* [AIM OF THE EXERCISE]: When you transcribe the listing that follows, keep every line exact and omit the pictures.

*** Begin section ***

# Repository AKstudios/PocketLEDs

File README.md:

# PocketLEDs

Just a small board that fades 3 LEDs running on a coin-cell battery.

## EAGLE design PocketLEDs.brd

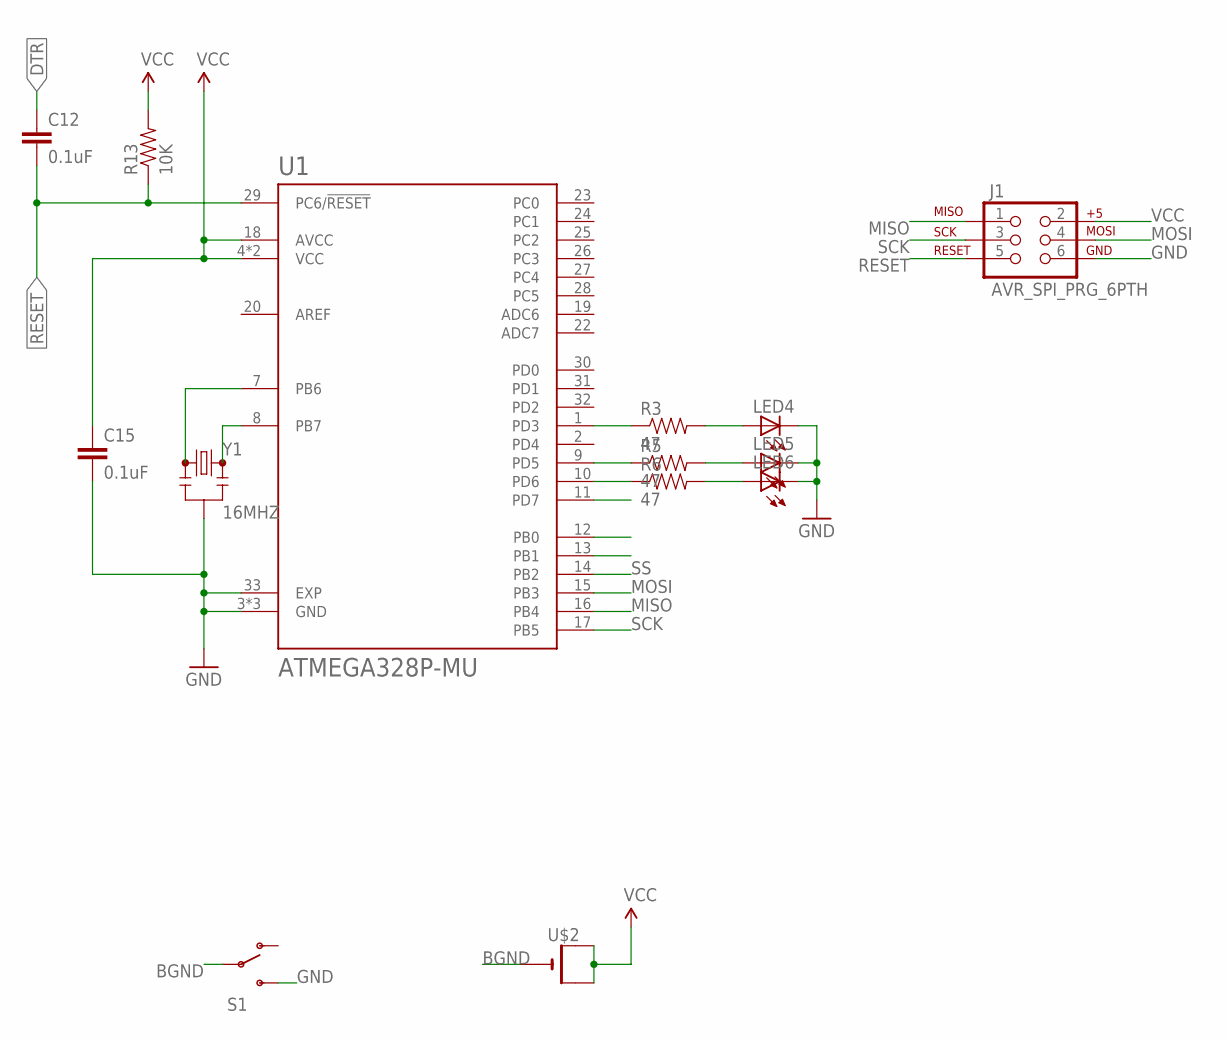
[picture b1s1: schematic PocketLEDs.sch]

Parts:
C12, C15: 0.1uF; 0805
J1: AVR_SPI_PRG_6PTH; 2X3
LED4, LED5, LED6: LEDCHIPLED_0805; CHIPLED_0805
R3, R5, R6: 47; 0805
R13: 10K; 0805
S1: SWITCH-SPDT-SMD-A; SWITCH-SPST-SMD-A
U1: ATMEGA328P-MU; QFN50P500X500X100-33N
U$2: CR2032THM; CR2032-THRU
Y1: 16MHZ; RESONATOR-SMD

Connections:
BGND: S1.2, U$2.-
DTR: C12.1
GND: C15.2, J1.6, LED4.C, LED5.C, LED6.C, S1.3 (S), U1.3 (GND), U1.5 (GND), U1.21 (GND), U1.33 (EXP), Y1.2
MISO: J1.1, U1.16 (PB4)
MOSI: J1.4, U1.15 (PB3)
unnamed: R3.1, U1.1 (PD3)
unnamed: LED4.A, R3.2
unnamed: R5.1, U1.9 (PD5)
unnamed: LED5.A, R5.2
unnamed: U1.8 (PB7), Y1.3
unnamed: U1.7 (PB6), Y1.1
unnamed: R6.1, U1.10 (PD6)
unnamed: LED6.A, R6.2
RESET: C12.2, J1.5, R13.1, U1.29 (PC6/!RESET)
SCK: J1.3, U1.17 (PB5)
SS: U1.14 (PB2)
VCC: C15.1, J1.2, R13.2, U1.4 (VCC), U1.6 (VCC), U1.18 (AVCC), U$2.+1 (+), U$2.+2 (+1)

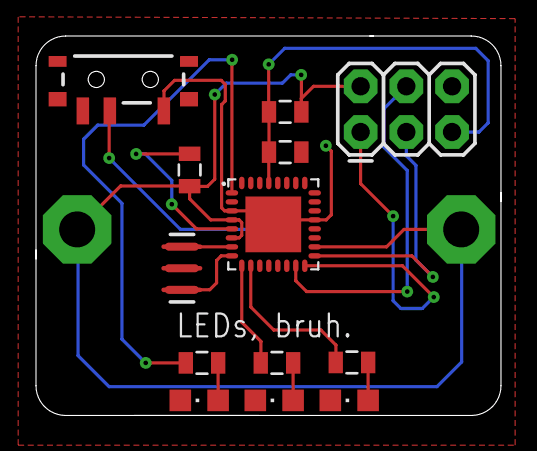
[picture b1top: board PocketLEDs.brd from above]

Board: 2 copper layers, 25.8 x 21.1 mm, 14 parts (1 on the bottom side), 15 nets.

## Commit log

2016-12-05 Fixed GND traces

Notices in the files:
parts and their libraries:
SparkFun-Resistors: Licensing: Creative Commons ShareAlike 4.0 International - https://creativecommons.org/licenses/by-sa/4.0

*** End section ***

* [EXERCISE RESPONSE]:
# Repository AKstudios/PocketLEDs

File README.md:

# PocketLEDs

Just a small board that fades 3 LEDs running on a coin-cell battery.

## EAGLE design PocketLEDs.brd

[picture b1s1: schematic PocketLEDs.sch]

Parts:
C12, C15: 0.1uF; 0805
J1: AVR_SPI_PRG_6PTH; 2X3
LED4, LED5, LED6: LEDCHIPLED_0805; CHIPLED_0805
R3, R5, R6: 47; 0805
R13: 10K; 0805
S1: SWITCH-SPDT-SMD-A; SWITCH-SPST-SMD-A
U1: ATMEGA328P-MU; QFN50P500X500X100-33N
U$2: CR2032THM; CR2032-THRU
Y1: 16MHZ; RESONATOR-SMD

Connections:
BGND: S1.2, U$2.-
DTR: C12.1
GND: C15.2, J1.6, LED4.C, LED5.C, LED6.C, S1.3 (S), U1.3 (GND), U1.5 (GND), U1.21 (GND), U1.33 (EXP), Y1.2
MISO: J1.1, U1.16 (PB4)
MOSI: J1.4, U1.15 (PB3)
unnamed: R3.1, U1.1 (PD3)
unnamed: LED4.A, R3.2
unnamed: R5.1, U1.9 (PD5)
unnamed: LED5.A, R5.2
unnamed: U1.8 (PB7), Y1.3
unnamed: U1.7 (PB6), Y1.1
unnamed: R6.1, U1.10 (PD6)
unnamed: LED6.A, R6.2
RESET: C12.2, J1.5, R13.1, U1.29 (PC6/!RESET)
SCK: J1.3, U1.17 (PB5)
SS: U1.14 (PB2)
VCC: C15.1, J1.2, R13.2, U1.4 (VCC), U1.6 (VCC), U1.18 (AVCC), U$2.+1 (+), U$2.+2 (+1)

[picture b1top: board PocketLEDs.brd from above]

Board: 2 copper layers, 25.8 x 21.1 mm, 14 parts (1 on the bottom side), 15 nets.

## Commit log

2016-12-05 Fixed GND traces

Notices in the files:
parts and their libraries:
SparkFun-Resistors: Licensing: Creative Commons ShareAlike 4.0 International - https://creativecommons.org/licenses/by-sa/4.0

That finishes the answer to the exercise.